| Exercise |
Whenever a line carries the word "against", pull it out of the entries.

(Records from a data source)
<<<<

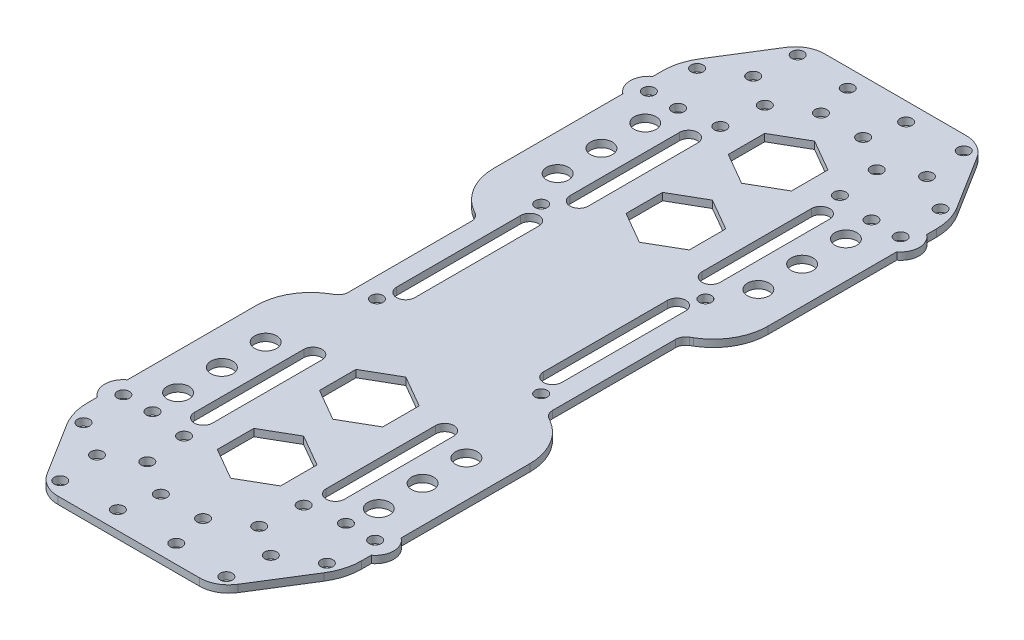
SolidWorks part; units mm, degrees
ref_plane "Front Plane" through (0, 0, 0) normal (0, 0, 1) x (1, 0, 0)
ref_plane "Top Plane" through (0, 0, 0) normal (0, 1, 0) x (1, 0, 0)
ref_plane "Right Plane" through (0, 0, 0) normal (1, 0, 0) x (0, 0, -1)
sketch "Sketch1" plane through (0, 0, 0) normal (0, 1, 0) x (1, 0, 0)
  line L0 (37.5251, 78.755) -> (37.5251, 32.6348)
  line L2 (-200, -200) -> (200, -200) construction
  line L7 (-200, -200) -> (-200, 200) construction
  line L11 (200, -200) -> (200, 200) construction
  line L14 (-200, -200) -> (200, 200) construction
  line L17 (0, 0) -> (60, 0) construction
  line L23 (0, 120) -> (0, -120) construction
  line L24 (0, 0) -> (-60, 0) construction
  line L69 (29.4047, 19.2862) -> (30.0251, 19.6444)
  line L70 (-30, -19.6299) -> (-29.4047, -19.2862)
  line L71 (-28, -16.8532) -> (-28, 16.8532)
  line L73 (37.5251, -32.6348) -> (37.5251, -78.755)
  line L74 (-29.4047, 19.2862) -> (-30, 19.6299)
  line L78 (28, -16.8532) -> (28, 16.8532)
  line L79 (30.0251, -19.6444) -> (29.4047, -19.2862)
  line L80 (-37.5, -32.6203) -> (-37.5, -78.7951)
  line L81 (-60, 36.9504) -> (-67.2154, 32.7846) [skipped]
  line L82 (-92, 0) -> (-92, -18.4752) [skipped]
  line L83 (-76, -27.7128) -> (-60, -36.9504) [skipped]
  line L84 (-200, 200) -> (200, -200) construction
  line L85 (-200, 200) -> (200, 200) construction
  line L86 (-22.7528, 101.0355) -> (-33.3512, 84.0745) construction
  line L87 (-28.052, 92.555) -> (-200, 200) construction
  line L88 (-33.3512, 84.0745) -> (-16.3903, 73.4761) construction
  line L89 (-16.3903, 73.4761) -> (-5.7919, 90.4371) construction
  line L90 (16.3903, 73.4761) -> (5.7919, 90.4371) construction
  line L91 (-19.3786, 105) -> (19.3786, 105)
  line L92 (-35.2207, 86.7439) -> (-26.163, 101.2394)
  line L93 (35.2458, 86.7038) -> (26.163, 101.2394)
  line L94 (-37.5, 78.7951) -> (-37.5, 32.6203)
  line L95 (35.2458, -86.7038) -> (26.163, -101.2394)
  line L96 (-19.3786, -105) -> (19.3786, -105)
  line L97 (-35.2207, -86.7439) -> (-26.163, -101.2394)
  line L98 (33.3512, 84.0745) -> (16.3903, 73.4761) construction
  line L99 (22.7528, 101.0355) -> (33.3512, 84.0745) construction
  line L100 (22.7528, -101.0355) -> (33.3512, -84.0745) construction
  line L101 (33.3512, -84.0745) -> (16.3903, -73.4761) construction
  line L102 (16.3903, -73.4761) -> (5.7919, -90.4371) construction
  line L103 (-16.3903, -73.4761) -> (-5.7919, -90.4371) construction
  line L104 (-33.3512, -84.0745) -> (-16.3903, -73.4761) construction
  line L105 (-22.7528, -101.0355) -> (-33.3512, -84.0745) construction
  circle A7 centre (200, 200) radius 177.8 construction
  circle A8 centre (-200, 200) radius 177.8 construction
  circle A9 centre (-200, -200) radius 177.8 construction
  circle A10 centre (200, -200) radius 177.8 construction
  circle A29 centre (-27.4977, 64) radius 3
  circle A30 centre (-27.4989, 52) radius 3
  circle A31 centre (-27.5, 40) radius 3
  circle A70 centre (27.5, 40) radius 3
  circle A71 centre (27.4989, 52) radius 3
  circle A72 centre (27.4977, 64) radius 3
  circle A73 centre (27.4977, -64) radius 3
  circle A74 centre (27.4989, -52) radius 3
  circle A75 centre (27.5, -40) radius 3
  circle A76 centre (-27.5, -40) radius 3
  circle A77 centre (-27.4989, -52) radius 3
  circle A78 centre (-27.4977, -64) radius 3
  circle A79 centre (-34.4977, 72) radius 1.65
  circle A80 centre (34.4977, 72) radius 1.65
  circle A82 centre (-34.4977, -72) radius 1.65
  circle A84 centre (-22.7528, 101.0355) radius 1.65
  circle A92 centre (22.7528, 101.0355) radius 3 construction
  circle A94 centre (5.7919, 90.4371) radius 3 construction
  circle A96 centre (16.3903, 73.4761) radius 3 construction
  circle A97 centre (33.3512, 84.0745) radius 3 construction
  circle A100 centre (33.3512, -84.0745) radius 3 construction
  circle A102 centre (16.3903, -73.4761) radius 3 construction
  circle A104 centre (22.7528, -101.0355) radius 3 construction
  circle A106 centre (5.7919, -90.4371) radius 3 construction
  circle A108 centre (-5.7919, -90.4371) radius 3 construction
  circle A110 centre (-16.3903, -73.4761) radius 3 construction
  circle A111 centre (-33.3512, -84.0745) radius 3 construction
  circle A114 centre (-22.7528, -101.0355) radius 3 construction
  arc A115 (26.163, 101.2394) -> (19.3786, 105) centre (19.3786, 97) ccw
  arc A116 (-19.3786, 105) -> (-26.163, 101.2394) centre (-19.3786, 97) ccw
  arc A117 (35.2458, 86.7038) -> (37.5251, 78.755) centre (22.5251, 78.755) cw
  arc A118 (-35.2207, 86.7439) -> (-37.5, 78.7951) centre (-22.5, 78.7951) ccw
  arc A119 (35.2458, -86.7038) -> (37.5251, -78.755) centre (22.5251, -78.755) ccw
  arc A120 (26.163, -101.2394) -> (19.3786, -105) centre (19.3786, -97) cw
  arc A121 (-19.3786, -105) -> (-26.163, -101.2394) centre (-19.3786, -97) cw
  arc A122 (-35.2207, -86.7439) -> (-37.5, -78.7951) centre (-22.5, -78.7951) cw
  arc A123 (-30, 19.6299) -> (-37.5, 32.6203) centre (-22.5, 32.6203) cw
  arc A124 (30.0251, 19.6444) -> (37.5251, 32.6348) centre (22.5251, 32.6348) ccw
  arc A125 (37.5251, -32.6348) -> (30.0251, -19.6444) centre (22.5251, -32.6348) ccw
  arc A126 (-30, -19.6299) -> (-37.5, -32.6203) centre (-22.5, -32.6203) ccw
  arc A127 (-28, 16.8532) -> (-29.4047, 19.2862) centre (-30.8094, 16.8532) ccw
  arc A128 (29.4047, 19.2862) -> (28, 16.8532) centre (30.8094, 16.8532) ccw
  arc A129 (28, -16.8532) -> (29.4047, -19.2862) centre (30.8094, -16.8532) ccw
  arc A130 (-29.4047, -19.2862) -> (-28, -16.8532) centre (-30.8094, -16.8532) ccw
  circle A131 centre (-33.3512, 84.0745) radius 1.65
  circle A132 centre (-5.7919, 90.4371) radius 1.65
  circle A133 centre (-16.3903, 73.4761) radius 1.65
  circle A134 centre (16.3903, 73.4761) radius 1.65
  circle A135 centre (5.7919, 90.4371) radius 1.65
  circle A136 centre (33.3512, 84.0745) radius 1.65
  circle A137 centre (22.7528, 101.0355) radius 1.65
  circle A138 centre (-16.3903, -73.4761) radius 1.65
  circle A139 centre (16.3903, -73.4761) radius 1.65
  circle A140 centre (33.3512, -84.0745) radius 3 construction
  circle A141 centre (5.7919, -90.4371) radius 3 construction
  circle A142 centre (22.7528, -101.0355) radius 3 construction
  circle A143 centre (22.7528, -101.0355) radius 1.65
  circle A144 centre (33.3512, -84.0745) radius 1.65
  circle A145 centre (5.7919, -90.4371) radius 1.65
  circle A146 centre (-5.7919, -90.4371) radius 1.65
  circle A147 centre (-33.3512, -84.0745) radius 1.65
  circle A148 centre (-22.7528, -101.0355) radius 1.65
  circle A149 centre (34.4977, -72) radius 1.65
  point P22 (0, 0)
  point P26 (-200, 200)
  point P54 (0, 0)
  point P151 (-28, 18.4752)
  point P154 (28, 18.4752)
  point P157 (28, -18.4752)
  point P160 (-28, -18.4752)
  dimension "D4" = 60
  dimension "D5" = 400
  dimension "D7" = 15
  dimension "D8" = 15
  dimension "D9" = 355.6
  dimension "D10" = 8
  dimension "D11" = 40
  dimension "D13" = 3.3
  dimension "D14" = 10
  dimension "D15" = 3.3
  dimension "D16" = 20
  dimension "D17" = 32
  dimension "D18" = 90
  dimension "D19" = 105
  dimension "D20" = 3.3
  dimension "D21" = 20
  dimension "D22" = 8
  dimension "D23" = 6
  dimension "D24" = 2.8094
  dimension "D25" = 90
  dimension "D26" = 90
  dimension "D27" = 12
  dimension "D28" = 12
  dimension "D29" = 20
  dimension "D6" = 60
  dimension "D12" = 7
  dimension "D3" = 400
extrude "Boss-Extrude1" add sketch "Sketch1" along normal blind 2
sketch "Sketch2" plane through (0, 2, 0) normal (0, 1, 0) x (1, 0, 0)
  line L33 (28, -16.8532) -> (28, 16.8532) construction
  line L36 (28, 0) -> (-28, 0) construction
  line L49 (-28, 16.8532) -> (-28, -16.8532) construction
  circle A11 centre (-34.4977, 72) radius 5.0909
  circle A12 centre (34.4977, 72) radius 5.0909
  circle A13 centre (34.4977, -72) radius 5.0909
  circle A14 centre (-34.4977, -72) radius 5.0909
  circle A15 centre (-34.4977, 72) radius 1.65
  circle A16 centre (34.4977, 72) radius 1.65
  circle A17 centre (34.4977, -72) radius 1.65
  circle A18 centre (-34.4977, -72) radius 1.65
extrude "Boss-Extrude2" add sketch "Sketch2" against normal up to surface (2 mm away) up to face at (-22.7528, 0, 99.3855)
sketch "Sketch3" plane through (0, 2, 0) normal (0, 1, 0) x (1, 0, 0)
  line L4 (-28, 0) -> (28, 0) construction
  line L5 (-28, 16.8532) -> (-28, -16.8532) construction
  line L6 (28, -16.8532) -> (28, 16.8532) construction
  line L31 (0, 82.9095) -> (-8.6603, 77.9095)
  line L38 (-8.6603, 77.9095) -> (-8.6603, 67.9095)
  line L39 (-8.6603, 67.9095) -> (0, 62.9095)
  line L40 (0, 62.9095) -> (8.6603, 67.9095)
  line L41 (8.6603, 67.9095) -> (8.6603, 77.9095)
  line L42 (8.6603, 77.9095) -> (0, 82.9095)
  line L43 (0, 54.9095) -> (-8.6603, 49.9095)
  line L44 (-8.6603, 49.9095) -> (-8.6603, 39.9095)
  line L45 (-8.6603, 39.9095) -> (0, 34.9095)
  line L46 (0, 34.9095) -> (8.6603, 39.9095)
  line L47 (8.6603, 39.9095) -> (8.6603, 49.9095)
  line L48 (8.6603, 49.9095) -> (0, 54.9095)
  line L49 (0, 26.9095) -> (-8.6603, 21.9095)
  line L50 (-8.6603, 21.9095) -> (-8.6603, 11.9095)
  line L51 (-8.6603, 11.9095) -> (0, 6.9095)
  line L52 (0, 6.9095) -> (8.6603, 11.9095)
  line L53 (8.6603, 11.9095) -> (8.6603, 21.9095)
  line L54 (8.6603, 21.9095) -> (0, 26.9095)
  line L55 (0, -1.0905) -> (-8.6603, -6.0905)
  line L56 (-8.6603, -6.0905) -> (-8.6603, -16.0905)
  line L57 (-8.6603, -16.0905) -> (0, -21.0905)
  line L58 (0, -21.0905) -> (8.6603, -16.0905)
  line L59 (8.6603, -16.0905) -> (8.6603, -6.0905)
  line L60 (8.6603, -6.0905) -> (0, -1.0905)
  line L61 (0, -29.0905) -> (-8.6603, -34.0905)
  line L62 (-8.6603, -34.0905) -> (-8.6603, -44.0905)
  line L63 (-8.6603, -44.0905) -> (0, -49.0905)
  line L64 (0, -49.0905) -> (8.6603, -44.0905)
  line L65 (8.6603, -44.0905) -> (8.6603, -34.0905)
  line L66 (8.6603, -34.0905) -> (0, -29.0905)
  line L67 (0, -57.0905) -> (-8.6603, -62.0905)
  line L68 (-8.6603, -62.0905) -> (-8.6603, -72.0905)
  line L69 (-8.6603, -72.0905) -> (0, -77.0905)
  line L70 (0, -77.0905) -> (8.6603, -72.0905)
  line L71 (8.6603, -72.0905) -> (8.6603, -62.0905)
  line L72 (8.6603, -62.0905) -> (0, -57.0905)
  circle A3 centre (-32.5, 28) radius 1.5
  circle A8 centre (32.5, 28) radius 1.5
  circle A12 centre (0, 72.9095) radius 8.6603 construction
  circle A13 centre (0, 44.9095) radius 8.6603 construction
  circle A24 centre (0, 16.9095) radius 8.6603 construction
  circle A25 centre (0, -11.0905) radius 8.6603 construction
  circle A26 centre (0, -39.0905) radius 8.6603 construction
  circle A27 centre (0, -67.0905) radius 8.6603 construction
  circle A39 centre (32.5, -28) radius 1.5
  circle A50 centre (-32.5, -28) radius 1.5
sketch "Sketch5" plane through (0, 2, 0) normal (0, 1, 0) x (1, 0, 0)
  line L0 (-19.3786, 105) -> (19.3786, 105) construction
  line L1 (0, 120) -> (0, -120) construction
  line L2 (0, 105) -> (0, -105) construction
  line L3 (-19.3786, -105) -> (19.3786, -105) construction
  line L4 (-18.0747, 66.4819) -> (-18.0747, 36.4819) construction
  line L5 (-60, 0) -> (60, 0) construction
  line L6 (-15.5747, 66.4819) -> (-15.5747, 36.4819)
  line L8 (-25.75, -34) -> (25.25, -34) construction
  line L9 (-25.75, -34) -> (-25.75, 34) construction
  line L10 (-25.75, 34) -> (25.25, 34) construction
  line L11 (25.25, -34) -> (25.25, 34) construction
  line L12 (-22.5, 30.5) -> (-22.5, -14.5) construction
  line L13 (-24.15, 30.5) -> (-25.75, 30.5) construction
  line L21 (-22.5, 30.5) -> (22.5, 30.5) construction
  line L22 (22.5, 30.5) -> (22.5, -14.5) construction
  line L23 (-20.5747, 66.4819) -> (-20.5747, 36.4819)
  line L24 (-20.1305, 25) -> (-20.1305, 8) construction
  line L25 (-20.1305, 8) -> (-20.1305, -9) construction
  line L26 (-20.1305, 25) -> (-20.1305, -9) construction
  line L27 (-17.6305, 25) -> (-17.6305, -9)
  line L28 (-22.6305, 25) -> (-22.6305, -9)
  line L29 (20.1305, 25) -> (20.1305, -9) construction
  line L30 (17.6305, 25) -> (17.6305, -9)
  line L31 (22.6305, 25) -> (22.6305, -9)
  line L32 (18.0747, 66.4819) -> (18.0747, 36.4819) construction
  line L33 (15.5747, 66.4819) -> (15.5747, 36.4819)
  line L34 (20.5747, 66.4819) -> (20.5747, 36.4819)
  line L35 (18.0747, -66.4819) -> (18.0747, -36.4819) construction
  line L36 (15.5747, -66.4819) -> (15.5747, -36.4819)
  line L37 (20.5747, -66.4819) -> (20.5747, -36.4819)
  line L38 (-18.0747, -66.4819) -> (-18.0747, -36.4819) construction
  line L39 (-15.5747, -66.4819) -> (-15.5747, -36.4819)
  line L40 (-20.5747, -66.4819) -> (-20.5747, -36.4819)
  line L42 (8.6603, 49.9095) -> (0, 54.9095)
  line L43 (0, 54.9095) -> (-8.6603, 49.9095)
  line L44 (-8.6603, 49.9095) -> (-8.6603, 39.9095)
  line L45 (-8.6603, 39.9095) -> (0, 34.9095)
  line L46 (0, 34.9095) -> (8.6603, 39.9095)
  line L47 (8.6603, 39.9095) -> (8.6603, 49.9095)
  line L48 (8.6603, -44.0905) -> (8.6603, -34.0905)
  line L49 (8.6603, -34.0905) -> (0, -29.0905)
  line L50 (0, -29.0905) -> (-8.6603, -34.0905)
  line L51 (-8.6603, -34.0905) -> (-8.6603, -44.0905)
  line L52 (-8.6603, -44.0905) -> (0, -49.0905)
  line L53 (0, -49.0905) -> (8.6603, -44.0905)
  line L54 (0, 62.9095) -> (8.6603, 67.9095)
  line L55 (8.6603, 67.9095) -> (8.6603, 77.9095)
  line L56 (8.6603, 77.9095) -> (0, 82.9095)
  line L57 (0, 82.9095) -> (-8.6603, 77.9095)
  line L58 (-8.6603, 77.9095) -> (-8.6603, 67.9095)
  line L59 (-8.6603, 67.9095) -> (0, 62.9095)
  line L60 (8.6603, -62.0905) -> (0, -57.0905)
  line L61 (0, -57.0905) -> (-8.6603, -62.0905)
  line L62 (-8.6603, -62.0905) -> (-8.6603, -72.0905)
  line L63 (-8.6603, -72.0905) -> (0, -77.0905)
  line L64 (0, -77.0905) -> (8.6603, -72.0905)
  line L65 (8.6603, -72.0905) -> (8.6603, -62.0905)
  circle A0 centre (-26.4977, 72) radius 1.65
  circle A1 centre (-34.4977, 72) radius 1.65 construction
  circle A2 centre (-34.4977, 72) radius 3.5 construction
  circle A3 centre (-8, 100) radius 1.65
  circle A5 centre (8, 100) radius 1.65
  circle A6 centre (26.4977, 72) radius 1.65
  circle A7 centre (26.4977, -72) radius 1.65
  circle A8 centre (8, -100) radius 1.65
  circle A9 centre (-8, -100) radius 1.65
  circle A10 centre (-26.4977, -72) radius 1.65
  circle A12 centre (-22.5, 30.5) radius 1.65
  circle A13 centre (22.5, 30.5) radius 1.65
  circle A14 centre (-22.5, -14.5) radius 1.65
  circle A15 centre (22.5, -14.5) radius 1.65
  arc A16 (-15.5747, 66.4819) -> (-20.5747, 66.4819) centre (-18.0747, 66.4819) ccw
  arc A17 (-20.5747, 36.4819) -> (-15.5747, 36.4819) centre (-18.0747, 36.4819) ccw
  arc A18 (-17.6305, 25) -> (-22.6305, 25) centre (-20.1305, 25) ccw
  arc A19 (-22.6305, -9) -> (-17.6305, -9) centre (-20.1305, -9) ccw
  arc A20 (17.6305, 25) -> (22.6305, 25) centre (20.1305, 25) cw
  arc A21 (22.6305, -9) -> (17.6305, -9) centre (20.1305, -9) cw
  arc A22 (15.5747, 66.4819) -> (20.5747, 66.4819) centre (18.0747, 66.4819) cw
  arc A23 (20.5747, 36.4819) -> (15.5747, 36.4819) centre (18.0747, 36.4819) cw
  arc A24 (15.5747, -66.4819) -> (20.5747, -66.4819) centre (18.0747, -66.4819) ccw
  arc A25 (20.5747, -36.4819) -> (15.5747, -36.4819) centre (18.0747, -36.4819) ccw
  arc A26 (-15.5747, -66.4819) -> (-20.5747, -66.4819) centre (-18.0747, -66.4819) cw
  arc A27 (-20.5747, -36.4819) -> (-15.5747, -36.4819) centre (-18.0747, -36.4819) cw
  circle A28 centre (0, 44.9095) radius 8.6603 construction
  circle A29 centre (0, -39.0905) radius 8.6603 construction
  circle A30 centre (0, 72.9095) radius 8.6603 construction
  circle A31 centre (0, -67.0905) radius 8.6603 construction
  point P38 (0, 0)
  point P52 (-18.0747, 51.4819)
  point P59 (-20.1305, 8)
  point P67 (20.1305, 8)
  point P74 (18.0747, 51.4819)
  point P81 (18.0747, -51.4819)
  point P88 (-18.0747, -51.4819)
  dimension "D2" = 3.3
  dimension "D3" = 8
  dimension "D4" = 5
  dimension "D5" = 3.3
  dimension "D6" = 8
  dimension "D9" = 6.5
  dimension "D10" = 3.3
  dimension "D12" = 22.5
  dimension "D13" = 45
  dimension "D15" = 17
  dimension "D1" = 8
  dimension "D7" = 68
  dimension "D8" = 51
  dimension "D11" = 45
  dimension "D14" = 45
  dimension "D16" = 17
extrude "Cut-Extrude1" cut sketch "Sketch5" against normal blind 2
sketch "Sketch6" plane through (0, 2, 0) normal (0, 1, 0) x (1, 0, 0)
  line L0 (-33.3512, -84.0745) -> (-22.7528, -101.0355) construction
  line L1 (-22.7528, -101.0355) -> (-5.7919, -90.4371) construction
  line L2 (-5.7919, -90.4371) -> (-16.3903, -73.4761) construction
  line L3 (-16.3903, -73.4761) -> (-33.3512, -84.0745) construction
  line L4 (-28.052, -92.555) -> (-19.5716, -87.2558) construction
  line L5 (-19.5716, -87.2558) -> (-11.0911, -81.9566) construction
  line L6 (22.7528, -101.0355) -> (33.3512, -84.0745) construction
  line L7 (33.3512, -84.0745) -> (16.3903, -73.4761) construction
  line L8 (16.3903, -73.4761) -> (5.7919, -90.4371) construction
  line L9 (0, 105) -> (0, -105) construction
  line L10 (28.052, -92.555) -> (19.5716, -87.2558) construction
  line L11 (5.7919, -90.4371) -> (22.7528, -101.0355) construction
  line L12 (11.0911, -81.9566) -> (19.5716, -87.2558) construction
  line L13 (19.3786, 105) -> (-19.3786, 105) construction
  line L14 (-19.3786, -105) -> (19.3786, -105) construction
  line L15 (0, 0) -> (41.3874, 0) construction
  line L16 (11.0911, 81.9566) -> (19.5716, 87.2558) construction
  line L17 (5.7919, 90.4371) -> (22.7528, 101.0355) construction
  line L18 (28.052, 92.555) -> (19.5716, 87.2558) construction
  line L19 (16.3903, 73.4761) -> (5.7919, 90.4371) construction
  line L20 (33.3512, 84.0745) -> (16.3903, 73.4761) construction
  line L21 (22.7528, 101.0355) -> (33.3512, 84.0745) construction
  line L22 (-19.5716, 87.2558) -> (-11.0911, 81.9566) construction
  line L23 (-28.052, 92.555) -> (-19.5716, 87.2558) construction
  line L24 (-16.3903, 73.4761) -> (-33.3512, 84.0745) construction
  line L25 (-5.7919, 90.4371) -> (-16.3903, 73.4761) construction
  line L26 (-22.7528, 101.0355) -> (-5.7919, 90.4371) construction
  line L27 (-33.3512, 84.0745) -> (-22.7528, 101.0355) construction
  circle A0 centre (-15.3313, -84.6062) radius 1.65
  circle A1 centre (-23.8118, -89.9054) radius 1.65
  circle A2 centre (23.8118, -89.9054) radius 1.65
  circle A3 centre (15.3313, -84.6062) radius 1.65
  circle A4 centre (15.3313, 84.6062) radius 1.65
  circle A5 centre (23.8118, 89.9054) radius 1.65
  circle A6 centre (-23.8118, 89.9054) radius 1.65
  circle A7 centre (-15.3313, 84.6062) radius 1.65
  dimension "D1" = 3.3
extrude "Cut-Extrude2" cut sketch "Sketch6" against normal blind 10

>>>>

| Your response |
extrude "Boss-Extrude2" add sketch "Sketch2" against normal up to surface (2 mm away) up to face at (-22.7528, 0, 99.3855)
extrude "Cut-Extrude1" cut sketch "Sketch5" against normal blind 2
extrude "Cut-Extrude2" cut sketch "Sketch6" against normal blind 10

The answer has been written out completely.